Trying to run my maven project for testing UI in android application. To prepare execution I need to run appium and run emulator. I can do all this on my local env from bash script. As project is on github I would like to use travis. This is appium/selenium/testng/java project. I’m not sure if I have .travis.yml with “language: android” or should I start with “language: java”. Anyway all components I install success but when I want to execute android sdk manager I can see this:
The Android recipes/cookbook is desperately old and seemingly not maintained at the moment.
My advice is to manually set-up the sdkmanager CLI and let the Android Gradle plugin automatically download all nessesary dependencies. This feature is supported starting from Android Gradle 3.3 (https://developer.android.com/studio/intro/update#download-with-gradle). So it’s even easier than what @karcio described (you don’t need to tell Travis CI the SDK Plattform or Build Tools Version).

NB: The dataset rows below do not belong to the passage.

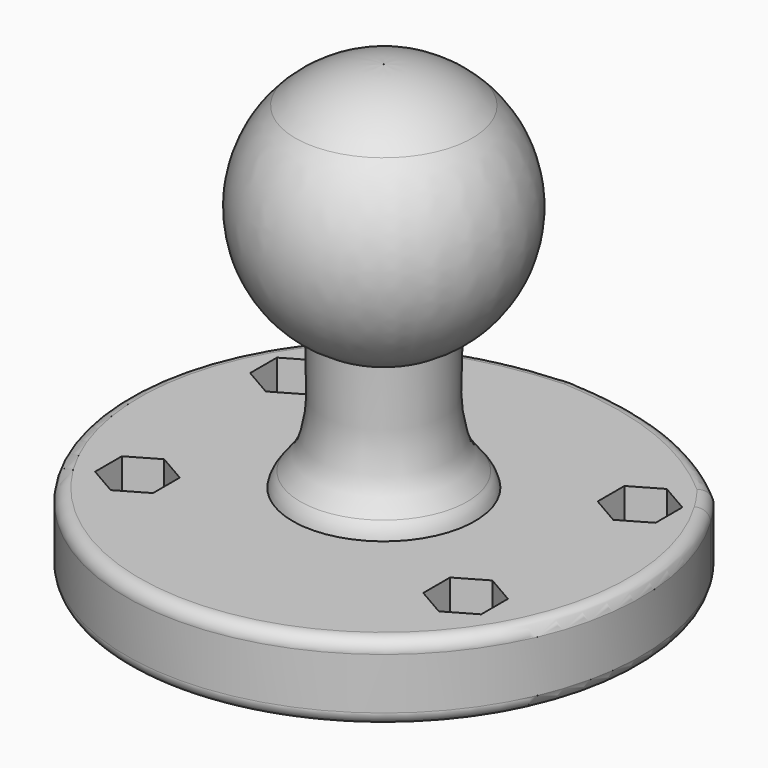
from build123d import *

# Parameters (mm, degrees)
F0_R     = 2.5
F1_DEPTH = 12
F3_R     = 2.5
F4_DEPTH = 6
F5_R     = 2


# Not quite as in the source:
# - a fillet or chamfer that OpenCascade refuses, or shapes differently, is made with other operations: its cross-section is extruded or revolved along the edge and cut away or added


with BuildPart() as f1:
    # F0 (on Top) → F1 (new body)
    with BuildSketch(Plane.XY):
        with BuildLine():
            ThreePointArc((-31.3651592039, 24.7400687451), (-33.0304528025, 22.4689333996), (-34.5318159842, 20.0862527403))
            ThreePointArc((-34.5318159842, 20.0862527403), (0.3556410553, -40.0322385106), (34.289361103, 20.6296959515))
            ThreePointArc((34.289361103, 20.6296959515), (32.9313235996, 22.7293613836), (31.4447447441, 24.7400687451))
            add(Edge.make_bspline(
                [(31.4447447441, 24.7400687451), (22.988602022, 32.1085255021), (13.1297165658, 36.2919575894), (0.0397927701, 36.9132596428)],
                knots=[0, 0, 0, 0, 0.5, 0.5, 0.5, 0.5], degree=3))
            add(Edge.make_bspline(
                [(-31.3651592039, 24.7400687451), (-22.9090164817, 32.1085255021), (-13.0501310255, 36.2919575894), (0.0397927701, 36.9132596428)],
                knots=[0, 0, 0, 0, 0.5, 0.5, 0.5, 0.5], degree=3))
        make_face()
        with Locations((-25.4602072299, -16.0334855318)):
            Circle(F0_R, mode=Mode.SUBTRACT)
        with Locations((25.5397927701, -16.0334855318)):
            Circle(F0_R, mode=Mode.SUBTRACT)
        with Locations((-26.9602072299, 15.9665144682)):
            Circle(F0_R, mode=Mode.SUBTRACT)
        with Locations((27.0397927701, 15.9665144682)):
            Circle(F0_R, mode=Mode.SUBTRACT)
    extrude(amount=F1_DEPTH)

    # F3 (on face) → F4 (cut)
    with BuildSketch(Plane.XY.offset(12)):
        Polygon((-22.4602072299, 13.3684382568), (-22.4602072299, 18.5645906795), (-26.9602072299, 21.1626668909), (-31.4602072299, 18.5645906795), (-31.4602072299, 13.3684382568), (-26.9602072299, 10.7703620455), align=None)
        with Locations((-26.9602072299, 15.9665144682)):
            Circle(F3_R, mode=Mode.SUBTRACT)
        Polygon((22.5397927701, 18.5645906795), (22.5397927701, 13.3684382568), (27.0397927701, 10.7703620455), (31.5397927701, 13.3684382568), (31.5397927701, 18.5645906795), (27.0397927701, 21.1626668909), align=None)
        with Locations((27.0397927701, 15.9665144682)):
            Circle(F3_R, mode=Mode.SUBTRACT)
        Polygon((21.0397927701, -13.4354093205), (21.0397927701, -18.6315617432), (25.5397927701, -21.2296379545), (30.0397927701, -18.6315617432), (30.0397927701, -13.4354093205), (25.5397927701, -10.8373331091), align=None)
        with Locations((25.5397927701, -16.0334855318)):
            Circle(F3_R, mode=Mode.SUBTRACT)
        Polygon((-20.9602072299, -18.6315617432), (-20.9602072299, -13.4354093205), (-25.4602072299, -10.8373331091), (-29.9602072299, -13.4354093205), (-29.9602072299, -18.6315617432), (-25.4602072299, -21.2296379545), align=None)
        with Locations((-25.4602072299, -16.0334855318)):
            Circle(F3_R, mode=Mode.SUBTRACT)
    extrude(amount=-F4_DEPTH, mode=Mode.SUBTRACT)

    # F5
    f5_edges = [f1.edges().sort_by_distance(p)[0] for p in [
        (-2.459557, -39.955325, 12),
        (-2.459557, -39.955325, 0),
        (16.831403, 33.608309, 12),
        (-16.751817, 33.608309, 12),
        (-16.751817, 33.608309, 0),
        (16.831403, 33.608309, 0),
    ]]
    fillet(f5_edges, radius=F5_R)

    # F6 (on Front) → F7 (revolve)
    with BuildSketch(Plane.XZ):
        with BuildLine():
            Line((-14.1540115437, 11.8460487906), (-0.0248217459, 11.8460487906))
            Line((-0.0248217459, 11.8460487906), (-0.0248217459, 12.5021283307))
            Line((-0.0248217459, 12.5021283307), (-0.0248217459, 25.1048319042))
            Line((-0.0248217459, 25.1048319042), (-0.0248217459, 58.8260033315))
            Line((-0.0248217459, 58.8260033315), (-0.0248217459, 64.264058532))
            Line((-0.0248217459, 64.264058532), (-0.0248217459, 69.9135838276))
            ThreePointArc((-0.0248217459, 69.9135838276), (-7.4432934465, 68.4459215755), (-13.744069299, 64.264058532))
            ThreePointArc((-13.744069299, 64.264058532), (-19.3321206406, 47.8233148814), (-9.582830593, 33.4540520906))
            add(Edge.make_bspline(
                [(-14.1540115437, 13.0516188551), (-12.6789047108, 14.5682779679), (-8.9868889419, 18.3642941178), (-9.359245349, 27.7926803584), (-9.582830593, 33.4540520906)],
                knots=[0, 0, 0, 0, 0.3995396892, 1, 1, 1, 1], degree=3))
            Line((-14.1540115437, 13.0516188551), (-14.1540115437, 11.8460487906))
        make_face()
    revolve(axis=Axis((0, 0, 50.5361706018), (0, 0, 1)))

    # F8: fillet of radius 5 on 1 edges, made by hand

    # F8_s1 → F8_t2 (revolve, cut)
    with BuildSketch(Plane.XZ):
        with BuildLine():
            ThreePointArc((-14.1540115437, 12), (-13.716188898, 13.2222804174), (-12.9784286022, 14.2906285974))
            Line((-12.9784286022, 14.2906285974), (-13.0526409195, 14.3576549502))
            ThreePointArc((-13.0526409195, 14.3576549502), (-13.6328295807, 13.7347113697), (-14.2256974002, 13.1213407167))
            Line((-14.2256974002, 13.1213407167), (-14.2540115437, 13.0516188551))
            ThreePointArc((-14.2540115437, 13.0516188551), (-14.2540115437, 12.5258094276), (-14.2517355198, 12.0212137808))
            Line((-14.2517355198, 12.0212137808), (-14.1540115437, 12))
        make_face()
    revolve(axis=Axis((0, 0, 13.0516188551), (0, 0, 1)), mode=Mode.SUBTRACT)


solid = f1.part

You can even use the language: minimal since it ships Java 8 to get the fastest possible boot times:
language: minimal
os: linux
dist: xenial
group: edge
env:
global:
# for updates check developer.android.com/studio#downloads (current 26.1.1)
- ANDROID_SDK_TOOLS=sdk-tools-linux-4333796.zip
before_install:
# set JAVA_HOME path
- export JAVA_HOME=/usr/lib/jvm/java-8-openjdk-amd64
# download and unzip Android SDK command line tools
- wget -nv https://dl.google.com/android/repository/$ANDROID_SDK_TOOLS
- unzip -q $ANDROID_SDK_TOOLS -d $HOME/sdk
# set SDK tools path variable and ANDROID_HOME
- export PATH=$PATH:$HOME/sdk/tools/bin
- export ANDROID_HOME=$HOME/sdk
# create empty cfg file to prevent sdkmanager warning message
- mkdir -p $HOME/.android && touch $HOME/.android/repositories.cfg
install:
# accept licenses for all available packages that have not already been accepted
- yes | sdkmanager --licenses >/dev/null
before_script:
# set executable flag for gradle wrapper
- chmod +x gradlew
# create dir for gradle settings
- mkdir -p $HOME/.gradle
# disable gradle daemon for current user
- echo "org.gradle.daemon=false" >> $HOME/.gradle/gradle.properties
# set gradle log format to plain
- echo "org.gradle.console=plain" >> $HOME/.gradle/gradle.properties
My build config also stopped working in the last days. Travis support estimated, that my machine got migrated to xenial ( i had no dist set). after adding “dist: trusty” the enviromant hat a working android-update-sdk again.
@stowy the build you linked to is all cancelled with no logs and I don’t see any relevant failures in other recent builds.
Testing dist: xenial does show the subj error. So adding dist: trusty should fix it. In the tests, I never got xenial when I omitted dist: with language: android but I guess this happens randomly.
Thanks @native-api again! I have currently migrated to @G00fY2’s solution which works for me, but if I can make some changes to make the android solution work again then I’ll test that out.
The language: android cookbook has not been updated for more than 2 years and still has preinstalled SDK Tools, Build-Tools and SDK Version 25: android-sdk version 0.2.2
I don’t see much sense in sticking with that when you have to update all dependencies anyway and are forced to use an old distribution.
Also the components like extra-google-google_play_services, extra-google-m2repository and extra-android-m2repository are outdated/unnecessary, since Google moved the dependencies to their own Google Maven servers (the google() repository in your build.gradle).